* _REQUIREMENT_:
Check each line below for the word "Drawn". Then give only how many lines have it.

### SUPPLIED MATERIAL

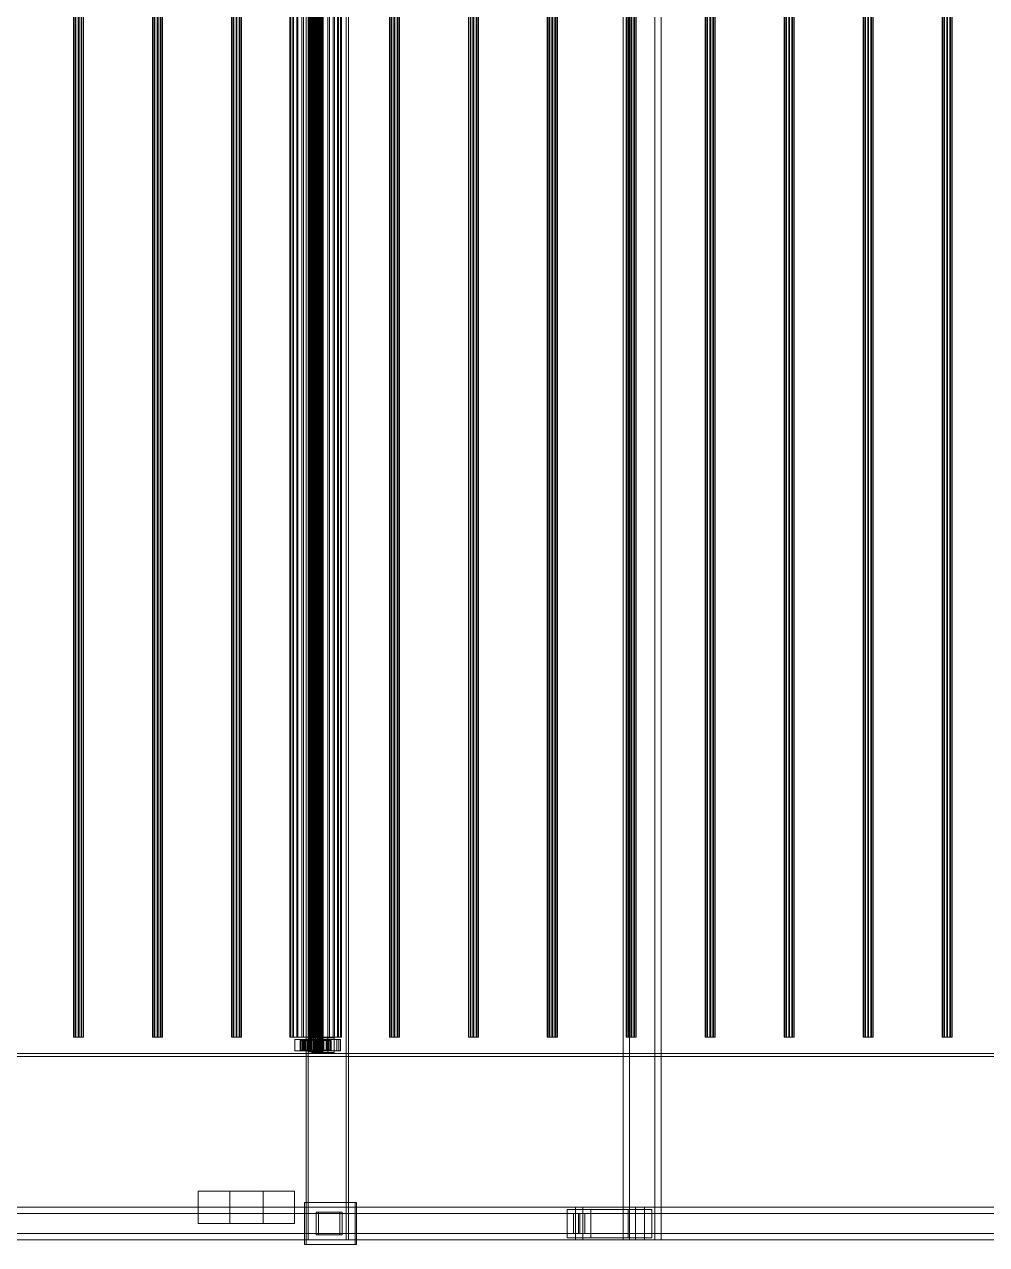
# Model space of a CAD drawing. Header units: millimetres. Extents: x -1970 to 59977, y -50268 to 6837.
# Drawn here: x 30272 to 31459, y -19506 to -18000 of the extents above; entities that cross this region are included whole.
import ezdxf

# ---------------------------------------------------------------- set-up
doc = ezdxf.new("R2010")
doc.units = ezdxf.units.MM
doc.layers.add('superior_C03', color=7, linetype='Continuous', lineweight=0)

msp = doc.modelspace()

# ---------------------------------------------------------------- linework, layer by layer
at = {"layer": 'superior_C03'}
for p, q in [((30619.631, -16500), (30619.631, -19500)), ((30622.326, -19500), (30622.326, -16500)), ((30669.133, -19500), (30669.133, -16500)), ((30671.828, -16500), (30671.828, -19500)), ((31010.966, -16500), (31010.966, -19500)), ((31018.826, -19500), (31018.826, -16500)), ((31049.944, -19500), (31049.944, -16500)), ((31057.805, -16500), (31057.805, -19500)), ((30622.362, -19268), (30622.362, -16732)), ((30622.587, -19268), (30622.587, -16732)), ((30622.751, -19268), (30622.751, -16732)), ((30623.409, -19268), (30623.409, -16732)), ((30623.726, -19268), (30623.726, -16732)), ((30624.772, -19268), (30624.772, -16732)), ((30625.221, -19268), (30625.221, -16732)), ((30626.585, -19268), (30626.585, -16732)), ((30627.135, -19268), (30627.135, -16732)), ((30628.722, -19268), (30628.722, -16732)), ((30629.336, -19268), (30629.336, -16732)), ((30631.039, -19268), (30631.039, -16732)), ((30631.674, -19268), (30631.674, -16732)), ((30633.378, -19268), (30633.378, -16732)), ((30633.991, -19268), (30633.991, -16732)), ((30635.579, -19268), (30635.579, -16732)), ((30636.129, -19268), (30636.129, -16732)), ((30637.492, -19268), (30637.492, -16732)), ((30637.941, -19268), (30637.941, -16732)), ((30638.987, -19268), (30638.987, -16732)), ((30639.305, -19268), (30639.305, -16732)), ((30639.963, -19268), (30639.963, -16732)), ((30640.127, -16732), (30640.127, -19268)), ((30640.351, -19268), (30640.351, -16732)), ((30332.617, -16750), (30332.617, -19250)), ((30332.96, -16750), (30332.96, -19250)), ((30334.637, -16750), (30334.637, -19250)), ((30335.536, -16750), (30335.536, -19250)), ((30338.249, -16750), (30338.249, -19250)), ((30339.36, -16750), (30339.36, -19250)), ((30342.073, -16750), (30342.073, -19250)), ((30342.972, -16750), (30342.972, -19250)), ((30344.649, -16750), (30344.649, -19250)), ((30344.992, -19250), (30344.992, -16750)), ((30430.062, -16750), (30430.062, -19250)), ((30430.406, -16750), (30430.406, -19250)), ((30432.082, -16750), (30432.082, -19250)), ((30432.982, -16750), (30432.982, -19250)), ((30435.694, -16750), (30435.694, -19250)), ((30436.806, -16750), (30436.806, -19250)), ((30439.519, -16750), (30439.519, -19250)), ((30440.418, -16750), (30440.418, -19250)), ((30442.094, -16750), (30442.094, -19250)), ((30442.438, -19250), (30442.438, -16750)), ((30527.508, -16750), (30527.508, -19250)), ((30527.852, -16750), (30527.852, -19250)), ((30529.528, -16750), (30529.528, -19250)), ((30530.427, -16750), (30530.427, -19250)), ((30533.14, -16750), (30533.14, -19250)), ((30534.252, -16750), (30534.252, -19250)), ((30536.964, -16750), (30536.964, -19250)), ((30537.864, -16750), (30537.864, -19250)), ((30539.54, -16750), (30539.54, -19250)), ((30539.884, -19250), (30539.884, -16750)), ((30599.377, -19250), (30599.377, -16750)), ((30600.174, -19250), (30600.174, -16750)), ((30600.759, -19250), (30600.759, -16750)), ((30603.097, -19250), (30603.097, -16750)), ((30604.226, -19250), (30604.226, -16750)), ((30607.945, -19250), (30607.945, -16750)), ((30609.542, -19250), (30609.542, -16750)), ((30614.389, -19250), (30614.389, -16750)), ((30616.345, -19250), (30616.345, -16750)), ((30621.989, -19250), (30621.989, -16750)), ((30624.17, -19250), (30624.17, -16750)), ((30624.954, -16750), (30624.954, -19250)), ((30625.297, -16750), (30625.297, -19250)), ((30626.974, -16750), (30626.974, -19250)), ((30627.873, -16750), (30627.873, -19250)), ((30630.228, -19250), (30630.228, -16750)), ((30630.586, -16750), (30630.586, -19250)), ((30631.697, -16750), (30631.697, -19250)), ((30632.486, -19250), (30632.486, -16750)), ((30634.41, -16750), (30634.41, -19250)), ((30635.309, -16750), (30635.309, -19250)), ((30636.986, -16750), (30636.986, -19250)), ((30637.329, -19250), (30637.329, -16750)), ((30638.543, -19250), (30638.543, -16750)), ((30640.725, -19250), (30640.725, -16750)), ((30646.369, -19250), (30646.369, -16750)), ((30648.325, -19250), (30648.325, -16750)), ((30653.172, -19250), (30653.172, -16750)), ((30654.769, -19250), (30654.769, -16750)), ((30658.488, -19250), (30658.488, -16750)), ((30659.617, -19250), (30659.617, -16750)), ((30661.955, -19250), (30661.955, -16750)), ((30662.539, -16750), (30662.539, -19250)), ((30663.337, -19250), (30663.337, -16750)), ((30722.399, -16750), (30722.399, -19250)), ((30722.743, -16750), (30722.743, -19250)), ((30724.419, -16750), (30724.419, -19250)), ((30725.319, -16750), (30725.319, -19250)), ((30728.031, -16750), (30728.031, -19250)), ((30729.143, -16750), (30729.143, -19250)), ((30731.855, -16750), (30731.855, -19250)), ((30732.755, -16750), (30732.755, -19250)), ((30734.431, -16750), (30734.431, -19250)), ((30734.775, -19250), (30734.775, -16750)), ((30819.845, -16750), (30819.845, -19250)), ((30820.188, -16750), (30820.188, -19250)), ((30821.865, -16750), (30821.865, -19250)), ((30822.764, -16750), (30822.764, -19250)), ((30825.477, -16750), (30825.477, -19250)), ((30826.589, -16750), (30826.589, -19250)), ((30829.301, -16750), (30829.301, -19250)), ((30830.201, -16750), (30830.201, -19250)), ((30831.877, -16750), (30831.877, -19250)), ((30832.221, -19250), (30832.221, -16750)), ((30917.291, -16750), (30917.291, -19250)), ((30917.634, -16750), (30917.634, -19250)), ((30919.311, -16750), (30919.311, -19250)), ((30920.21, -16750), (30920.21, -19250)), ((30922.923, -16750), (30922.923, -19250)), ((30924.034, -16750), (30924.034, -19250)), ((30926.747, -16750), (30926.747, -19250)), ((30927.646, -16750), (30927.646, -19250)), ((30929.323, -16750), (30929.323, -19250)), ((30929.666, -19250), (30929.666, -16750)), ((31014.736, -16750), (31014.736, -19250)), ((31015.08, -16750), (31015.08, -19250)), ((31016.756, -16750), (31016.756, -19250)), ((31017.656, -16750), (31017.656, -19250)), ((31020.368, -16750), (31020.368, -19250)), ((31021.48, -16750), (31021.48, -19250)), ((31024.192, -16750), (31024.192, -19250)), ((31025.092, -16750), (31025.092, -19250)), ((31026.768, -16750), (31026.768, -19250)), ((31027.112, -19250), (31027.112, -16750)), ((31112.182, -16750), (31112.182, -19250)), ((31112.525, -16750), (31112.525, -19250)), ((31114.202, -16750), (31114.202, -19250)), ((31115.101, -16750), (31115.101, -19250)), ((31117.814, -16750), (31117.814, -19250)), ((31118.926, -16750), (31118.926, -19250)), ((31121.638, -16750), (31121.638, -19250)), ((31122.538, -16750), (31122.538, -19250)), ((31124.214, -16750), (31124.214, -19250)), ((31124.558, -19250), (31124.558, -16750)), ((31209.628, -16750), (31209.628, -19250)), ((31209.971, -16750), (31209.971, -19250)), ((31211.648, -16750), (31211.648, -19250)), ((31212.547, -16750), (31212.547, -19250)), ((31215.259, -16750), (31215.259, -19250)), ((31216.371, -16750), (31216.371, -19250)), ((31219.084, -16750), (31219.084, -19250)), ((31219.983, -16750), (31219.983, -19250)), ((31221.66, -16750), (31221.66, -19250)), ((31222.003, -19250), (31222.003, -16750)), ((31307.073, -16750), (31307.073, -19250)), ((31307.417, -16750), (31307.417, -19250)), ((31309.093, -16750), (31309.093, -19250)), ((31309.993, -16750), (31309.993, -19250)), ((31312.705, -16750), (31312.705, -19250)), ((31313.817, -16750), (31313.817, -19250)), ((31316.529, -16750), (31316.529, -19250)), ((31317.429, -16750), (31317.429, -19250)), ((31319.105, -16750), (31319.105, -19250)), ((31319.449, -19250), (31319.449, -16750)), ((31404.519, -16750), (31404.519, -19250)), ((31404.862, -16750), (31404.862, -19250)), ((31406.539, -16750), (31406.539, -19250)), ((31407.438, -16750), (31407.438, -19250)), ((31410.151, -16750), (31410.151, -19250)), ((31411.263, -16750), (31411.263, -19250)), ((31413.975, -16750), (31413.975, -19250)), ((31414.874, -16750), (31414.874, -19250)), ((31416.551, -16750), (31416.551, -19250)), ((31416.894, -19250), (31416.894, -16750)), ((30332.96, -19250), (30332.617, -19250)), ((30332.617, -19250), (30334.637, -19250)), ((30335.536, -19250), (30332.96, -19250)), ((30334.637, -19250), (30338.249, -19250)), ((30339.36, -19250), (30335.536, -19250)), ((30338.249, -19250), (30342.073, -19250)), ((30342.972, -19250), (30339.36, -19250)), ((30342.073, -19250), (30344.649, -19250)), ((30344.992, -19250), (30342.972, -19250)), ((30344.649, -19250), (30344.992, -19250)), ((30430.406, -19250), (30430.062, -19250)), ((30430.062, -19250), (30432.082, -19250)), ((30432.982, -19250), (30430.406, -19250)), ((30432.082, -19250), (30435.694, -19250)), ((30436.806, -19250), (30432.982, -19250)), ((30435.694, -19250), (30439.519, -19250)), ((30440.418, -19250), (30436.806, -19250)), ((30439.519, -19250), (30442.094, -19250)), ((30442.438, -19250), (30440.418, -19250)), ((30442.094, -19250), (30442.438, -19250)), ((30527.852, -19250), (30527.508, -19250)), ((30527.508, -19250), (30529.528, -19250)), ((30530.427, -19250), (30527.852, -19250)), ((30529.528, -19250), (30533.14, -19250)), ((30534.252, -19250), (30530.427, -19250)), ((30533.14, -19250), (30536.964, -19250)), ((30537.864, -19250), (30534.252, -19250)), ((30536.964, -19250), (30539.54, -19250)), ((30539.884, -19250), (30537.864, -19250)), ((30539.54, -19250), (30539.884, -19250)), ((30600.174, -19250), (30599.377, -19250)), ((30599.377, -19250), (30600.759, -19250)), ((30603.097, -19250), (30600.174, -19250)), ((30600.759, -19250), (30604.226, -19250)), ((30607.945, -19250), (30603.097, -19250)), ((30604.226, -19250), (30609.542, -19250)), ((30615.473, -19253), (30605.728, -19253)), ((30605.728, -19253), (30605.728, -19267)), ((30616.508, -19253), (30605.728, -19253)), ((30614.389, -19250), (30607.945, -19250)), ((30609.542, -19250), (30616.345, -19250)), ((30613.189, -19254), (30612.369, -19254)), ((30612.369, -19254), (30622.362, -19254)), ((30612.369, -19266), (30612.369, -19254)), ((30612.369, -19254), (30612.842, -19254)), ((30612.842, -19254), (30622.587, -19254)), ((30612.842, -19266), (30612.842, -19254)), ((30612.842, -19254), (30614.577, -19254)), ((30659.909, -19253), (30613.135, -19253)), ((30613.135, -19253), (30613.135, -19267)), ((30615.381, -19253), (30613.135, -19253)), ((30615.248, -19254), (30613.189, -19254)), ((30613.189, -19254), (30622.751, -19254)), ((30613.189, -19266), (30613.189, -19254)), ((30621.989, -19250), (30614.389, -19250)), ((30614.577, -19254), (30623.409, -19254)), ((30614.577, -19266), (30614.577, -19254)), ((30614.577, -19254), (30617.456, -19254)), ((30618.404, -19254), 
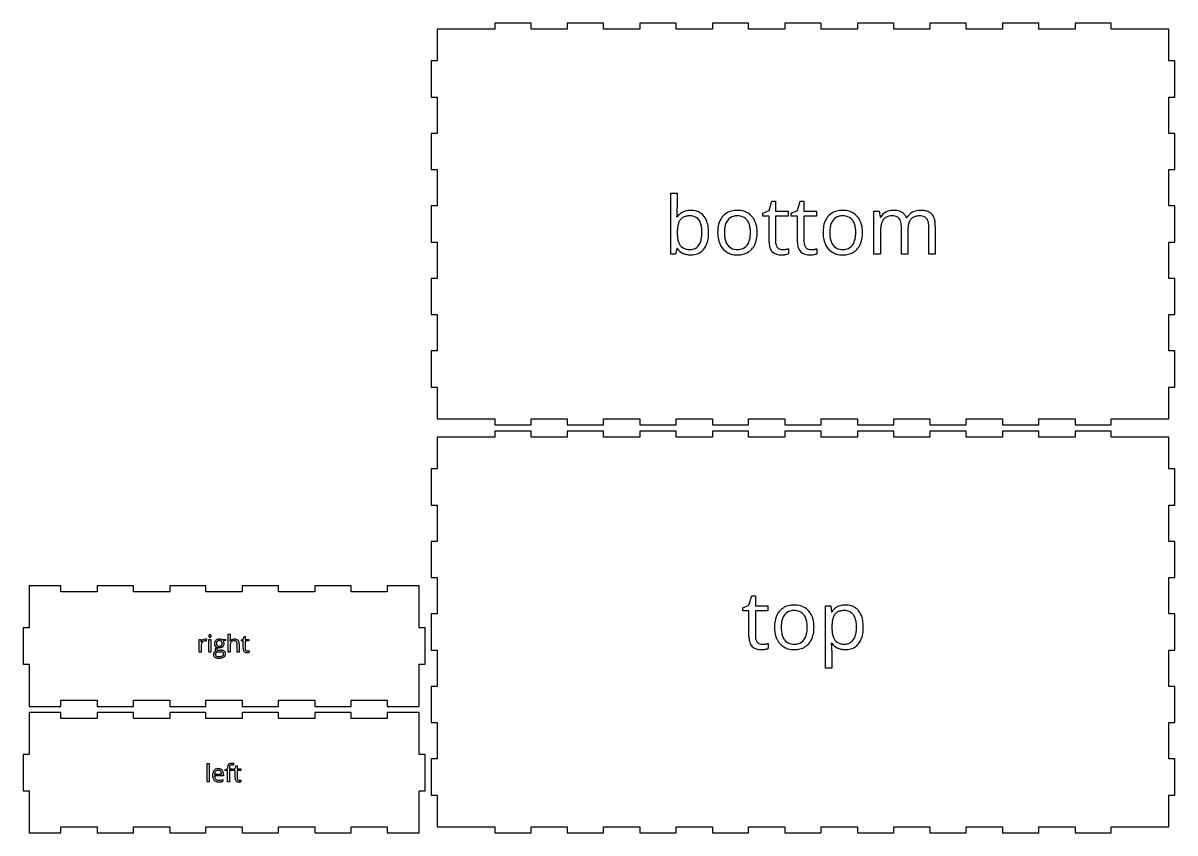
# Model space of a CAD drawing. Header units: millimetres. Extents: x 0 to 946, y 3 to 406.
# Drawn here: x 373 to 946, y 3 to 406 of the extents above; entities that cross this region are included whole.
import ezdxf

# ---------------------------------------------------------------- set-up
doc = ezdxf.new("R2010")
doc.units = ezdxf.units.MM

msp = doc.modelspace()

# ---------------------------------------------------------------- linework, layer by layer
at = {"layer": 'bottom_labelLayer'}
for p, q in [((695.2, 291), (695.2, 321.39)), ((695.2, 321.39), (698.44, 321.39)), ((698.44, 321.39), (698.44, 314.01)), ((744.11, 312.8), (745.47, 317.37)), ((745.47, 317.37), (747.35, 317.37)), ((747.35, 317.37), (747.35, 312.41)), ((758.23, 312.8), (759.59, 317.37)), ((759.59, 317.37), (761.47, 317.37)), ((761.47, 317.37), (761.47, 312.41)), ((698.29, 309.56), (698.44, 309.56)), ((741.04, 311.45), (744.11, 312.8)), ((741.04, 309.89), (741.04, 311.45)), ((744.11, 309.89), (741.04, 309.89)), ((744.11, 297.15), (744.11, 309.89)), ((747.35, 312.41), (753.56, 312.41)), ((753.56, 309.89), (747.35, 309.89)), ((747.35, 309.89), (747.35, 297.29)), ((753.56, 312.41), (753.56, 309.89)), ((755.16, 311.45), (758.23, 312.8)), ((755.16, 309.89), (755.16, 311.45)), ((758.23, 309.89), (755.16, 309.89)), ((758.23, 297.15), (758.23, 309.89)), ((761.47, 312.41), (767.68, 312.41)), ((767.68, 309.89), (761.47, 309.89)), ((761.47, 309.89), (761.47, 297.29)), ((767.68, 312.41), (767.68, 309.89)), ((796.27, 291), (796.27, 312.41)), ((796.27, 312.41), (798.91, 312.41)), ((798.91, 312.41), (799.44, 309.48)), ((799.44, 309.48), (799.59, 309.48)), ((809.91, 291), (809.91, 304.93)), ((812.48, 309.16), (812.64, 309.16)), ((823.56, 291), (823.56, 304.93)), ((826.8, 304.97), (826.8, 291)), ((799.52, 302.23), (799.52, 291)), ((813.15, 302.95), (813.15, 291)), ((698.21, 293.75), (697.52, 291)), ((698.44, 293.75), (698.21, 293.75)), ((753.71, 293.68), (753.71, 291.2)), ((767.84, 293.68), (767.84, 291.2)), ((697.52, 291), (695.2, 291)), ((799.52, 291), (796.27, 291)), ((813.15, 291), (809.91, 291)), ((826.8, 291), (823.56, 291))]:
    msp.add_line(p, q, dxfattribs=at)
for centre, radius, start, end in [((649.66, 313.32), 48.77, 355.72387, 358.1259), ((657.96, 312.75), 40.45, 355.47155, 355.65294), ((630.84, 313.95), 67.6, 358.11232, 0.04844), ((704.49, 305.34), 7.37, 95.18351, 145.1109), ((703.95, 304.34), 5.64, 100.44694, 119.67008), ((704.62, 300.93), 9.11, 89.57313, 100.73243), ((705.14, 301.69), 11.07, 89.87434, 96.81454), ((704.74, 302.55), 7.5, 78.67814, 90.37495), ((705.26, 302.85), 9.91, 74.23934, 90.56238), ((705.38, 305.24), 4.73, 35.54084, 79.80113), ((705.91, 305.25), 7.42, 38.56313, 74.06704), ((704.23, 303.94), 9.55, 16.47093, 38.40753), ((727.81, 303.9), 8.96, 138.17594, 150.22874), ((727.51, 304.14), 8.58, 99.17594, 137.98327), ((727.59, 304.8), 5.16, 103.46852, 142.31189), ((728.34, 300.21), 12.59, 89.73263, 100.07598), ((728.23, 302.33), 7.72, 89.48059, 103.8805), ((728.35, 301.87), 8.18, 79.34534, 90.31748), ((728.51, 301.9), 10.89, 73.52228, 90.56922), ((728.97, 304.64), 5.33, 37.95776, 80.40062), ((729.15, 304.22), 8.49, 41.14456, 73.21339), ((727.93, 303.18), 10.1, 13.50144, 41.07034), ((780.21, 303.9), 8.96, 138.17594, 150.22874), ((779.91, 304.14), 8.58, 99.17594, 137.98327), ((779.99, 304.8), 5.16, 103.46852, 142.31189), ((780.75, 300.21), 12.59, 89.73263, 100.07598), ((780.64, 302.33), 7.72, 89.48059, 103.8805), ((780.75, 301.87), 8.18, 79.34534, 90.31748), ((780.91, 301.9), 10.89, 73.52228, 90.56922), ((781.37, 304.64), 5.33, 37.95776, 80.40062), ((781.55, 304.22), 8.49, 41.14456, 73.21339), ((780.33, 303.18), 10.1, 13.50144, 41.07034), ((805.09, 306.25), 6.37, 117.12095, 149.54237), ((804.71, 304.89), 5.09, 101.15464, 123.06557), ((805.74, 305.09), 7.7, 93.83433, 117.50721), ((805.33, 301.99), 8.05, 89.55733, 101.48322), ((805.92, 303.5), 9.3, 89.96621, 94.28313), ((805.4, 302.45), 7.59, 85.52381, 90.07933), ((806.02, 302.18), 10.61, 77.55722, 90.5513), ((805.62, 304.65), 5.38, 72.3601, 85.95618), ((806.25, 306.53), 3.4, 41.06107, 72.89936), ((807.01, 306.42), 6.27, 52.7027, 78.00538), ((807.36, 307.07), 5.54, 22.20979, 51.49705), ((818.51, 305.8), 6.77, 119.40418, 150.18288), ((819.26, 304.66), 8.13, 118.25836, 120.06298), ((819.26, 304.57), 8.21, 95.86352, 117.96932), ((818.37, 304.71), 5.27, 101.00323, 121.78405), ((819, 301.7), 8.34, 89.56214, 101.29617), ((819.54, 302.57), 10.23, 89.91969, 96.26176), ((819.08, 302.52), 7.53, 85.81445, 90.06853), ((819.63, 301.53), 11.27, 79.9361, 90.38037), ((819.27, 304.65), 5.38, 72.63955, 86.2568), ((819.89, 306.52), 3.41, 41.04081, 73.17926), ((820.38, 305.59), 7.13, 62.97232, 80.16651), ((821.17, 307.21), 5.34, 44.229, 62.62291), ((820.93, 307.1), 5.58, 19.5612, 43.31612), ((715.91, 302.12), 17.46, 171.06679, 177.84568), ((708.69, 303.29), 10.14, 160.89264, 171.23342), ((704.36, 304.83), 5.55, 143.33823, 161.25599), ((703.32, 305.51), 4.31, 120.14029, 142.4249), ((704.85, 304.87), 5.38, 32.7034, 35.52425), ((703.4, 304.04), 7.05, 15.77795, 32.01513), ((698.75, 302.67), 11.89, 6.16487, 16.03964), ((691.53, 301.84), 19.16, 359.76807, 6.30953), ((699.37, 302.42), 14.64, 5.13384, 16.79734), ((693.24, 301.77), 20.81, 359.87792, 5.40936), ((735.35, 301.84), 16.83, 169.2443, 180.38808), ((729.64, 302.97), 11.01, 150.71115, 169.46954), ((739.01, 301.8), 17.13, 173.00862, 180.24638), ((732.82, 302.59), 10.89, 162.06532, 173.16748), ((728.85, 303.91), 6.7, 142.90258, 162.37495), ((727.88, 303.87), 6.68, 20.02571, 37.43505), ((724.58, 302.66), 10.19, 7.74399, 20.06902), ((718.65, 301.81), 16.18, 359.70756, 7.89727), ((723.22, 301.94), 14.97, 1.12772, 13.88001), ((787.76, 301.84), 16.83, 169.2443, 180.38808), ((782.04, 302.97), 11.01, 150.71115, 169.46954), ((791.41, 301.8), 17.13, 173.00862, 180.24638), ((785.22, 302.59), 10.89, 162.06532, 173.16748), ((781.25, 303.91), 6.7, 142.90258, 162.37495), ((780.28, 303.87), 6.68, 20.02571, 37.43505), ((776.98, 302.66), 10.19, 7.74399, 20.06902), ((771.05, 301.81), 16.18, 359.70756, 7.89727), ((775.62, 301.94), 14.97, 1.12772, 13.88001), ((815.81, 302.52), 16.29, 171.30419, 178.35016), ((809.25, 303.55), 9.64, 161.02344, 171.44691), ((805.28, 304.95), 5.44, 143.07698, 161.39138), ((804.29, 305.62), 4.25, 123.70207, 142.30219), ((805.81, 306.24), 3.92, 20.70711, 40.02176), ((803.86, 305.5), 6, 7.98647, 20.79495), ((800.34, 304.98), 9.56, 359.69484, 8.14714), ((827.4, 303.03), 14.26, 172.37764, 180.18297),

######

* _OUTPUT FOR THIS EXERCISE_:
2